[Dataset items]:
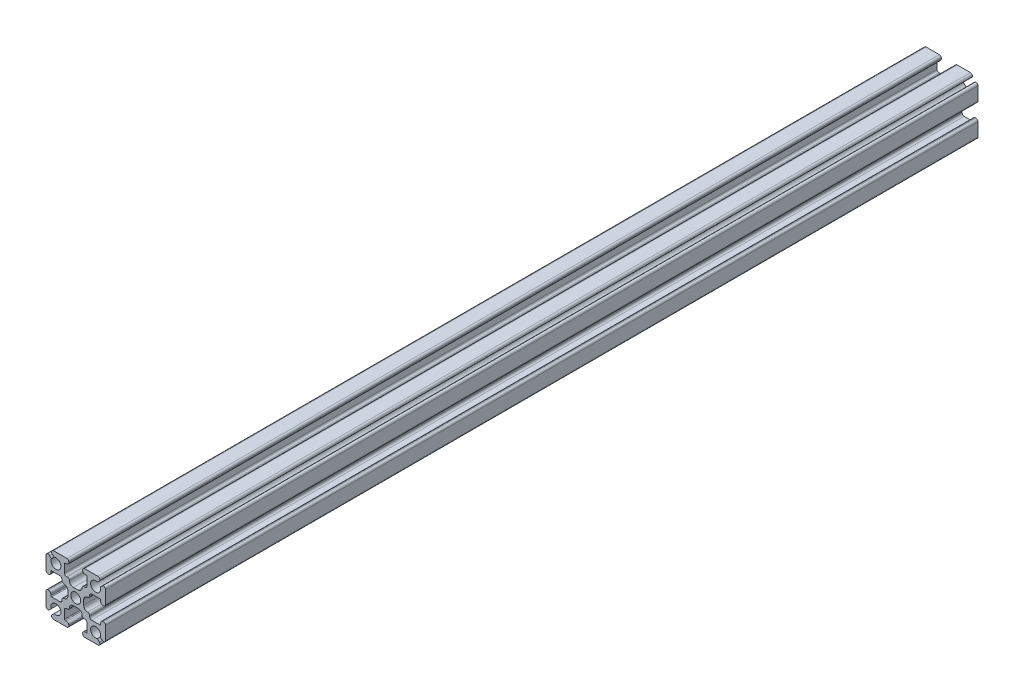
SolidWorks part; units mm, degrees
ref_plane "Front Plane" through (0, 0, 0) normal (0, 0, 1) x (1, 0, 0)
ref_plane "Top Plane" through (0, 0, 0) normal (0, 1, 0) x (1, 0, 0)
ref_plane "Right Plane" through (0, 0, 0) normal (1, 0, 0) x (0, 0, -1)
sketch "Sketch1" plane through (0, 0, 0) normal (0, 0, 1) x (1, 0, 0)
  line L0 (6.6464, 5.9393) -> (6.1636, 5.4565)
  line L1 (5.4565, 6.1636) -> (5.9393, 6.6464)
  line L2 (5.5858, 7.5) -> (2.25, 7.5)
  line L3 (1.75, 7) -> (1.75, 6.8)
  line L4 (2.25, 6.3) -> (2.65, 6.3)
  line L5 (2.85, 6.1) -> (2.85, 4)
  line L6 (2.35, 3.5) -> (2.1, 3.5)
  line L7 (0.6, 2) -> (-0.6, 2)
  line L8 (-2.1, 3.5) -> (-2.35, 3.5)
  line L9 (-2.85, 4) -> (-2.85, 6.1)
  line L10 (-2.65, 6.3) -> (-2.25, 6.3)
  line L11 (-1.75, 6.8) -> (-1.75, 7)
  line L12 (-2.25, 7.5) -> (-5.5858, 7.5)
  line L13 (-5.9393, 6.6464) -> (-5.4565, 6.1636)
  line L14 (-6.1636, 5.4565) -> (-6.6464, 5.9393)
  line L15 (-7.5, 5.5858) -> (-7.5, 2.25)
  line L16 (-7, 1.75) -> (-6.8, 1.75)
  line L17 (-6.3, 2.25) -> (-6.3, 2.65)
  line L18 (-6.1, 2.85) -> (-4, 2.85)
  line L19 (-3.5, 2.35) -> (-3.5, 2.1)
  line L20 (-2, 0.6) -> (-2, -0.6)
  line L21 (-3.5, -2.1) -> (-3.5, -2.35)
  line L22 (-4, -2.85) -> (-6.1, -2.85)
  line L23 (-6.3, -2.65) -> (-6.3, -2.25)
  line L24 (-6.8, -1.75) -> (-7, -1.75)
  line L25 (-7.5, -2.25) -> (-7.5, -5.5858)
  line L26 (-6.6464, -5.9393) -> (-6.1636, -5.4565)
  line L27 (-5.4565, -6.1636) -> (-5.9393, -6.6464)
  line L28 (-5.5858, -7.5) -> (-2.25, -7.5)
  line L29 (-1.75, -7) -> (-1.75, -6.8)
  line L30 (-2.25, -6.3) -> (-2.65, -6.3)
  line L31 (-2.85, -6.1) -> (-2.85, -4)
  line L32 (-2.35, -3.5) -> (-2.1, -3.5)
  line L33 (-0.6, -2) -> (0.6, -2)
  line L34 (2.1, -3.5) -> (2.35, -3.5)
  line L35 (2.85, -4) -> (2.85, -6.1)
  line L36 (2.65, -6.3) -> (2.25, -6.3)
  line L37 (1.75, -6.8) -> (1.75, -7)
  line L38 (2.25, -7.5) -> (5.5858, -7.5)
  line L39 (5.9393, -6.6464) -> (5.4565, -6.1636)
  line L40 (6.1636, -5.4565) -> (6.6464, -5.9393)
  line L41 (7.5, -5.5858) -> (7.5, -2.25)
  line L42 (7, -1.75) -> (6.8, -1.75)
  line L43 (6.3, -2.25) -> (6.3, -2.65)
  line L44 (6.1, -2.85) -> (4, -2.85)
  line L45 (3.5, -2.35) -> (3.5, -2.1)
  line L46 (2, -0.6) -> (2, 0.6)
  line L47 (3.5, 2.1) -> (3.5, 2.35)
  line L48 (4, 2.85) -> (6.1, 2.85)
  line L49 (6.3, 2.65) -> (6.3, 2.25)
  line L50 (6.8, 1.75) -> (7, 1.75)
  line L51 (7.5, 2.25) -> (7.5, 5.5858)
  circle A0 centre (0, 0) radius 1.25
  arc A1 (6.1636, 5.4565) -> (5.4565, 6.1636) centre (5, 5) cw
  arc A2 (5.9393, 6.6464) -> (5.5858, 7.5) centre (5.5858, 7) ccw
  arc A3 (2.25, 7.5) -> (1.75, 7) centre (2.25, 7) ccw
  arc A4 (1.75, 6.8) -> (2.25, 6.3) centre (2.25, 6.8) ccw
  arc A5 (2.65, 6.3) -> (2.85, 6.1) centre (2.65, 6.1) cw
  arc A6 (2.85, 4) -> (2.35, 3.5) centre (2.35, 4) cw
  arc A7 (2.1, 3.5) -> (1.6, 3) centre (2.1, 3) ccw
  arc A8 (1.6, 3) -> (0.6, 2) centre (0.6, 3) cw
  arc A9 (-0.6, 2) -> (-1.6, 3) centre (-0.6, 3) cw
  arc A10 (-1.6, 3) -> (-2.1, 3.5) centre (-2.1, 3) ccw
  arc A11 (-2.35, 3.5) -> (-2.85, 4) centre (-2.35, 4) cw
  arc A12 (-2.85, 6.1) -> (-2.65, 6.3) centre (-2.65, 6.1) cw
  arc A13 (-2.25, 6.3) -> (-1.75, 6.8) centre (-2.25, 6.8) ccw
  arc A14 (-1.75, 7) -> (-2.25, 7.5) centre (-2.25, 7) ccw
  arc A15 (-5.5858, 7.5) -> (-5.9393, 6.6464) centre (-5.5858, 7) ccw
  arc A16 (-5.4565, 6.1636) -> (-6.1636, 5.4565) centre (-5, 5) cw
  arc A17 (-6.6464, 5.9393) -> (-7.5, 5.5858) centre (-7, 5.5858) ccw
  arc A18 (-7.5, 2.25) -> (-7, 1.75) centre (-7, 2.25) ccw
  arc A19 (-6.8, 1.75) -> (-6.3, 2.25) centre (-6.8, 2.25) ccw
  arc A20 (-6.3, 2.65) -> (-6.1, 2.85) centre (-6.1, 2.65) cw
  arc A21 (-4, 2.85) -> (-3.5, 2.35) centre (-4, 2.35) cw
  arc A22 (-3.5, 2.1) -> (-3, 1.6) centre (-3, 2.1) ccw
  arc A23 (-3, 1.6) -> (-2, 0.6) centre (-3, 0.6) cw
  arc A24 (-2, -0.6) -> (-3, -1.6) centre (-3, -0.6) cw
  arc A25 (-3, -1.6) -> (-3.5, -2.1) centre (-3, -2.1) ccw
  arc A26 (-3.5, -2.35) -> (-4, -2.85) centre (-4, -2.35) cw
  arc A27 (-6.1, -2.85) -> (-6.3, -2.65) centre (-6.1, -2.65) cw
  arc A28 (-6.3, -2.25) -> (-6.8, -1.75) centre (-6.8, -2.25) ccw
  arc A29 (-7, -1.75) -> (-7.5, -2.25) centre (-7, -2.25) ccw
  arc A30 (-7.5, -5.5858) -> (-6.6464, -5.9393) centre (-7, -5.5858) ccw
  arc A31 (-6.1636, -5.4565) -> (-5.4565, -6.1636) centre (-5, -5) cw
  arc A32 (-5.9393, -6.6464) -> (-5.5858, -7.5) centre (-5.5858, -7) ccw
  arc A33 (-2.25, -7.5) -> (-1.75, -7) centre (-2.25, -7) ccw
  arc A34 (-1.75, -6.8) -> (-2.25, -6.3) centre (-2.25, -6.8) ccw
  arc A35 (-2.65, -6.3) -> (-2.85, -6.1) centre (-2.65, -6.1) cw
  arc A36 (-2.85, -4) -> (-2.35, -3.5) centre (-2.35, -4) cw
  arc A37 (-2.1, -3.5) -> (-1.6, -3) centre (-2.1, -3) ccw
  arc A38 (-1.6, -3) -> (-0.6, -2) centre (-0.6, -3) cw
  arc A39 (0.6, -2) -> (1.6, -3) centre (0.6, -3) cw
  arc A40 (1.6, -3) -> (2.1, -3.5) centre (2.1, -3) ccw
  arc A41 (2.35, -3.5) -> (2.85, -4) centre (2.35, -4) cw
  arc A42 (2.85, -6.1) -> (2.65, -6.3) centre (2.65, -6.1) cw
  arc A43 (2.25, -6.3) -> (1.75, -6.8) centre (2.25, -6.8) ccw
  arc A44 (1.75, -7) -> (2.25, -7.5) centre (2.25, -7) ccw
  arc A45 (5.5858, -7.5) -> (5.9393, -6.6464) centre (5.5858, -7) ccw
  arc A46 (5.4565, -6.1636) -> (6.1636, -5.4565) centre (5, -5) cw
  arc A47 (6.6464, -5.9393) -> (7.5, -5.5858) centre (7, -5.5858) ccw
  arc A48 (7.5, -2.25) -> (7, -1.75) centre (7, -2.25) ccw
  arc A49 (6.8, -1.75) -> (6.3, -2.25) centre (6.8, -2.25) ccw
  arc A50 (6.3, -2.65) -> (6.1, -2.85) centre (6.1, -2.65) cw
  arc A51 (4, -2.85) -> (3.5, -2.35) centre (4, -2.35) cw
  arc A52 (3.5, -2.1) -> (3, -1.6) centre (3, -2.1) ccw
  arc A53 (3, -1.6) -> (2, -0.6) centre (3, -0.6) cw
  arc A54 (2, 0.6) -> (3, 1.6) centre (3, 0.6) cw
  arc A55 (3, 1.6) -> (3.5, 2.1) centre (3, 2.1) ccw
  arc A56 (3.5, 2.35) -> (4, 2.85) centre (4, 2.35) cw
  arc A57 (6.1, 2.85) -> (6.3, 2.65) centre (6.1, 2.65) cw
  arc A58 (6.3, 2.25) -> (6.8, 1.75) centre (6.8, 2.25) ccw
  arc A59 (7, 1.75) -> (7.5, 2.25) centre (7, 2.25) ccw
  arc A60 (7.5, 5.5858) -> (6.6464, 5.9393) centre (7, 5.5858) ccw
extrude "Boss-Extrude1" add sketch "Sketch1" along normal blind 220

[What you should do]: Would you copy all lines in the records where the string "through" appears?

[The completed task]:
ref_plane "Front Plane" through (0, 0, 0) normal (0, 0, 1) x (1, 0, 0)
ref_plane "Top Plane" through (0, 0, 0) normal (0, 1, 0) x (1, 0, 0)
ref_plane "Right Plane" through (0, 0, 0) normal (1, 0, 0) x (0, 0, -1)
sketch "Sketch1" plane through (0, 0, 0) normal (0, 0, 1) x (1, 0, 0)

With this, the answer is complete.